What other measurements are unique to PCIe 6?
With PAM4, the four voltage levels must be evenly spaced. To quantify improper spacing, PCIe 6 introduces the ratio of level mismatch (RLM). To measure transmitter RLM, you evaluate three expressions based on measurements of V0¬, V1, V2, and V3 and the calculated VMID, the midpoint between V0¬ and V3¬:
3(V1–VMID)/(V0–VMID)
3(V2-VMID)/(V3–VMID)
2-3(V1–VMID)/(V0–VMID)
2-3(V2–VMID)/(V3–VMID)
Make the voltage measurements using the same 64-UI strings used to measure σn. RLM is the minimum of the four expressions. Ideally, they will all equal 1, and your RLM will be 1. If any are less than 1, then at least one of your PAM4 eye heights will be even less than one-third of the NRZ eye height, an impairment that will increase errors. A white paper coauthored by Tektronix and Synopsys has more.
How does the PCIe 6 standard address the higher error rates associated with PAM4?
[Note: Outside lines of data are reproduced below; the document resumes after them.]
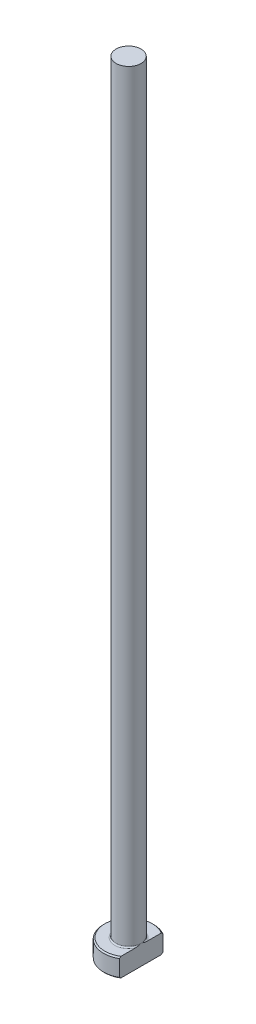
ISO-10303-21;
HEADER;
FILE_DESCRIPTION(('STEP AP214'),'2;1');
FILE_NAME('part.step','',(''),(''),'','','');
FILE_SCHEMA(('AUTOMOTIVE_DESIGN { 1 0 10303 214 1 1 1 1 }'));
ENDSEC;
DATA;
#1=APPLICATION_CONTEXT('core data for automotive mechanical design processes');
#2=APPLICATION_PROTOCOL_DEFINITION('international standard','automotive_design',2000,#1);
#3=PRODUCT_CONTEXT('',#1,'mechanical');
#4=PRODUCT('Part','Part','',(#3));
#5=PRODUCT_RELATED_PRODUCT_CATEGORY('part','',(#4));
#6=PRODUCT_DEFINITION_FORMATION('','',#4);
#7=PRODUCT_DEFINITION_CONTEXT('part definition',#1,'design');
#8=PRODUCT_DEFINITION('design','',#6,#7);
#9=PRODUCT_DEFINITION_SHAPE('','',#8);
#10=(LENGTH_UNIT() NAMED_UNIT(*) SI_UNIT(.MILLI.,.METRE.));
#11=(NAMED_UNIT(*) PLANE_ANGLE_UNIT() SI_UNIT($,.RADIAN.));
#12=(NAMED_UNIT(*) SI_UNIT($,.STERADIAN.) SOLID_ANGLE_UNIT());
#13=UNCERTAINTY_MEASURE_WITH_UNIT(LENGTH_MEASURE(1.E-05),#10,'distance_accuracy_value','');
#14=(GEOMETRIC_REPRESENTATION_CONTEXT(3) GLOBAL_UNCERTAINTY_ASSIGNED_CONTEXT((#13)) GLOBAL_UNIT_ASSIGNED_CONTEXT((#10,
#11,#12)) REPRESENTATION_CONTEXT('',''));
#15=CARTESIAN_POINT('',(0.,0.,0.));
#16=DIRECTION('',(0.,0.,1.));
#17=DIRECTION('',(1.,0.,0.));
#18=AXIS2_PLACEMENT_3D('',#15,#16,#17);
#19=CARTESIAN_POINT('',(0.,0.,0.));
#20=DIRECTION('',(0.,-1.,0.));
#21=DIRECTION('',(0.,0.,-1.));
#22=AXIS2_PLACEMENT_3D('',#19,#20,#21);
#23=PLANE('',#22);
#24=CARTESIAN_POINT('',(0.,0.,0.));
#25=DIRECTION('',(0.,-1.,0.));
#26=DIRECTION('',(0.,0.,-1.));
#27=AXIS2_PLACEMENT_3D('',#24,#25,#26);
#28=CIRCLE('',#27,3.79999999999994);
#29=CARTESIAN_POINT('',(1.99999999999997,0.,3.23109888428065));
#30=VERTEX_POINT('',#29);
#31=CARTESIAN_POINT('',(1.99999999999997,0.,-3.23109888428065));
#32=VERTEX_POINT('',#31);
#33=EDGE_CURVE('E98',#30,#32,#28,.T.);
#34=ORIENTED_EDGE('',*,*,#33,.T.);
#35=DIRECTION('',(0.,0.,1.));
#36=VECTOR('',#35,1.);
#37=CARTESIAN_POINT('',(1.99999999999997,0.,-3.46410161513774));
#38=LINE('',#37,#36);
#39=EDGE_CURVE('E83',#32,#30,#38,.T.);
#40=ORIENTED_EDGE('',*,*,#39,.T.);
#41=EDGE_LOOP('',(#34,#40));
#42=FACE_BOUND('',#41,.T.);
#43=ADVANCED_FACE('F32',(#42),#23,.T.);
#44=CARTESIAN_POINT('',(0.,259.958771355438,0.));
#45=DIRECTION('',(0.,1.,0.));
#46=DIRECTION('',(0.,0.,1.));
#47=AXIS2_PLACEMENT_3D('',#44,#45,#46);
#48=CYLINDRICAL_SURFACE('',#47,3.99999999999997);
#49=CARTESIAN_POINT('',(0.,2.79999999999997,0.));
#50=DIRECTION('',(0.,1.,0.));
#51=DIRECTION('',(0.,0.,1.));
#52=AXIS2_PLACEMENT_3D('',#49,#50,#51);
#53=CIRCLE('',#52,3.99999999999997);
#54=CARTESIAN_POINT('',(1.99999999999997,2.79999999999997,3.46410161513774));
#55=VERTEX_POINT('',#54);
#56=CARTESIAN_POINT('',(1.99999999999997,2.79999999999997,-3.46410161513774));
#57=VERTEX_POINT('',#56);
#58=EDGE_CURVE('E104',#55,#57,#53,.F.);
#59=ORIENTED_EDGE('',*,*,#58,.T.);
#60=DIRECTION('',(0.,-1.,0.));
#61=VECTOR('',#60,1.);
#62=CARTESIAN_POINT('',(1.99999999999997,125.,-3.46410161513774));
#63=LINE('',#62,#61);
#64=CARTESIAN_POINT('',(1.99999999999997,0.200000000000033,-3.46410161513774));
#65=VERTEX_POINT('',#64);
#66=EDGE_CURVE('E183',#57,#65,#63,.T.);
#67=ORIENTED_EDGE('',*,*,#66,.T.);
#68=CARTESIAN_POINT('',(0.,0.200000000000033,0.));
#69=DIRECTION('',(0.,-1.,0.));
#70=DIRECTION('',(0.,0.,-1.));
#71=AXIS2_PLACEMENT_3D('',#68,#69,#70);
#72=CIRCLE('',#71,3.99999999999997);
#73=CARTESIAN_POINT('',(1.99999999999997,0.200000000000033,3.46410161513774));
#74=VERTEX_POINT('',#73);
#75=EDGE_CURVE('E100',#65,#74,#72,.F.);
#76=ORIENTED_EDGE('',*,*,#75,.T.);
#77=DIRECTION('',(0.,-1.,0.));
#78=VECTOR('',#77,1.);
#79=CARTESIAN_POINT('',(1.99999999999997,125.,3.46410161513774));
#80=LINE('',#79,#78);
#81=EDGE_CURVE('E93',#55,#74,#80,.T.);
#82=ORIENTED_EDGE('',*,*,#81,.F.);
#83=EDGE_LOOP('',(#59,#67,#76,#82));
#84=FACE_BOUND('',#83,.T.);
#85=ADVANCED_FACE('F158',(#84),#48,.T.);
#86=CARTESIAN_POINT('',(-3.99999999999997,3.,0.));
#87=DIRECTION('',(0.,1.,0.));
#88=DIRECTION('',(0.,0.,1.));
#89=AXIS2_PLACEMENT_3D('',#86,#87,#88);
#90=PLANE('',#89);
#91=CARTESIAN_POINT('',(0.,3.,0.));
#92=DIRECTION('',(0.,1.,0.));
#93=DIRECTION('',(0.,0.,1.));
#94=AXIS2_PLACEMENT_3D('',#91,#92,#93);
#95=CIRCLE('',#94,3.79999999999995);
#96=CARTESIAN_POINT('',(1.99999999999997,3.,-3.23109888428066));
#97=VERTEX_POINT('',#96);
#98=CARTESIAN_POINT('',(1.99999999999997,3.,3.23109888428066));
#99=VERTEX_POINT('',#98);
#100=EDGE_CURVE('E178',#97,#99,#95,.T.);
#101=ORIENTED_EDGE('',*,*,#100,.T.);
#102=DIRECTION('',(0.,0.,-1.));
#103=VECTOR('',#102,1.);
#104=CARTESIAN_POINT('',(1.99999999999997,3.,0.));
#105=LINE('',#104,#103);
#106=CARTESIAN_POINT('',(1.99999999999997,2.99999999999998,0.916515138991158));
#107=VERTEX_POINT('',#106);
#108=EDGE_CURVE('E57',#99,#107,#105,.T.);
#109=ORIENTED_EDGE('',*,*,#108,.T.);
#110=CARTESIAN_POINT('',(0.,3.,0.));
#111=DIRECTION('',(0.,1.,0.));
#112=DIRECTION('',(0.,0.,1.));
#113=AXIS2_PLACEMENT_3D('',#110,#111,#112);
#114=CIRCLE('',#113,2.19999999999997);
#115=CARTESIAN_POINT('',(1.99999999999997,2.99999999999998,-0.9165151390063));
#116=VERTEX_POINT('',#115);
#117=EDGE_CURVE('E107',#107,#116,#114,.F.);
#118=ORIENTED_EDGE('',*,*,#117,.T.);
#119=EDGE_CURVE('E136',#116,#97,#105,.T.);
#120=ORIENTED_EDGE('',*,*,#119,.T.);
#121=EDGE_LOOP('',(#101,#109,#118,#120));
#122=FACE_BOUND('',#121,.T.);
#123=ADVANCED_FACE('F147',(#122),#90,.T.);
#124=CARTESIAN_POINT('',(0.,3.,0.));
#125=DIRECTION('',(0.,-1.,0.));
#126=DIRECTION('',(0.,0.,-1.));
#127=AXIS2_PLACEMENT_3D('',#124,#125,#126);
#128=CONICAL_SURFACE('',#127,3.79999999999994,0.785398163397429);
#129=ORIENTED_EDGE('',*,*,#58,.F.);
#130=CARTESIAN_POINT('',(1.99999999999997,-1.08095467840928,7.62295524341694));
#131=CARTESIAN_POINT('',(1.99999999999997,-0.913887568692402,7.45022392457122));
#132=CARTESIAN_POINT('',(1.99999999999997,-0.746999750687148,7.27731861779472));
#133=CARTESIAN_POINT('',(1.99999999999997,-0.413688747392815,6.93105655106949));
#134=CARTESIAN_POINT('',(1.99999999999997,-0.247265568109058,6.75769978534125));
#135=CARTESIAN_POINT('',(1.99999999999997,0.0850908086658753,6.41034692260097));
#136=CARTESIAN_POINT('',(1.99999999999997,0.251023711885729,6.23635054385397));
#137=CARTESIAN_POINT('',(1.99999999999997,0.582155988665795,5.88766284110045));
#138=CARTESIAN_POINT('',(1.99999999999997,0.747355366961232,5.71297152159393));
#139=CARTESIAN_POINT('',(1.99999999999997,1.07353855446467,5.36616839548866));
#140=CARTESIAN_POINT('',(1.99999999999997,1.23454099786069,5.194074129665));
#141=CARTESIAN_POINT('',(1.99999999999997,1.5553410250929,4.84876663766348));
#142=CARTESIAN_POINT('',(1.99999999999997,1.71513861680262,4.67555341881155));
#143=CARTESIAN_POINT('',(1.99999999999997,2.03306183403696,4.32766569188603));
#144=CARTESIAN_POINT('',(1.99999999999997,2.19118781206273,4.15299150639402));
#145=CARTESIAN_POINT('',(1.99999999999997,2.50513944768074,3.80159134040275));
#146=CARTESIAN_POINT('',(1.99999999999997,2.6609651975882,3.62486544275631));
#147=CARTESIAN_POINT('',(1.99999999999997,2.90974646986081,3.33722425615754));
#148=CARTESIAN_POINT('',(1.99999999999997,3.00376148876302,3.22722645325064));
#149=CARTESIAN_POINT('',(1.99999999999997,3.19011825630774,3.00579987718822));
#150=CARTESIAN_POINT('',(1.99999999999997,3.28245983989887,2.89437096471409));
#151=CARTESIAN_POINT('',(1.99999999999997,3.46586188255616,2.66849662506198));
#152=CARTESIAN_POINT('',(1.99999999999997,3.55689849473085,2.55403176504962));
#153=CARTESIAN_POINT('',(1.99999999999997,3.73578809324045,2.32266819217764));
#154=CARTESIAN_POINT('',(1.99999999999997,3.82364184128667,2.20577007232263));
#155=CARTESIAN_POINT('',(1.99999999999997,3.99612756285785,1.96688707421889));
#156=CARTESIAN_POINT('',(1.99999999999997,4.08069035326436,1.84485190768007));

PCIe 6 employs a forward error-correction (FEC) function and a cyclical redundancy check (CRC) and retry mechanism. The Cadence white paper has more details. In addition, as mentioned in part 1, PCIe 6 uses Gray coding to reduce bit errors and facilitate error correction. Table 1 illustrates how Gray coding helps. Suppose a transmitter transmits a decimal 2 (V2) but because of channel impairments the transmitted signal falls below the level 2 threshold voltage and is received as a 1. With binary code, that results in two bit errors, but with Gray code, only one bit error.
| Transmitted Decimal Number |
Transmitted binary code | Received Binary Code* |
Received Decimal Number | Bit errors |
| 2 | 1 0 |
0 1 |
1 | 2 |
| Transmitted decimal number | Transmitted Gray Code | Received Gray Code | Received decimal number | Bit errors |
| 2 | 1 1 |
0 1 |
1 | 1 |
| *Bit errors shown in red. |
Table 1. Bit Errors for Binary vs. Gray Code.
What other tests are required for PCIe 6?
There are many additional tests. Keysight has a solution brief citing the various aspects of PCIe 6 design and test, including physical-layer system simulation, physical-layer interconnect design, physical-layer transmitter and receiver test, and protocol-layer test.
What’s next for PCIe?
The PCI-SIG plans to introduce PCIe 7 in 2025. It will use PAM4 signaling to deliver a 128-GT/sec raw bit rate. It will transfer up to 512 GB/s bi-directionally in a x16 configuration. The PCI-SIG said that it will continue focusing on low latency, high reliability, improved power efficiency, and optimized channel parameters and reach — that is, the length of the PCIe physical connection between two devices. PCI-SIG expects PCIe 7 to find use in 800G Ethernet, artificial intelligence and machine learning, cloud and quantum computing, and military/aerospace applications.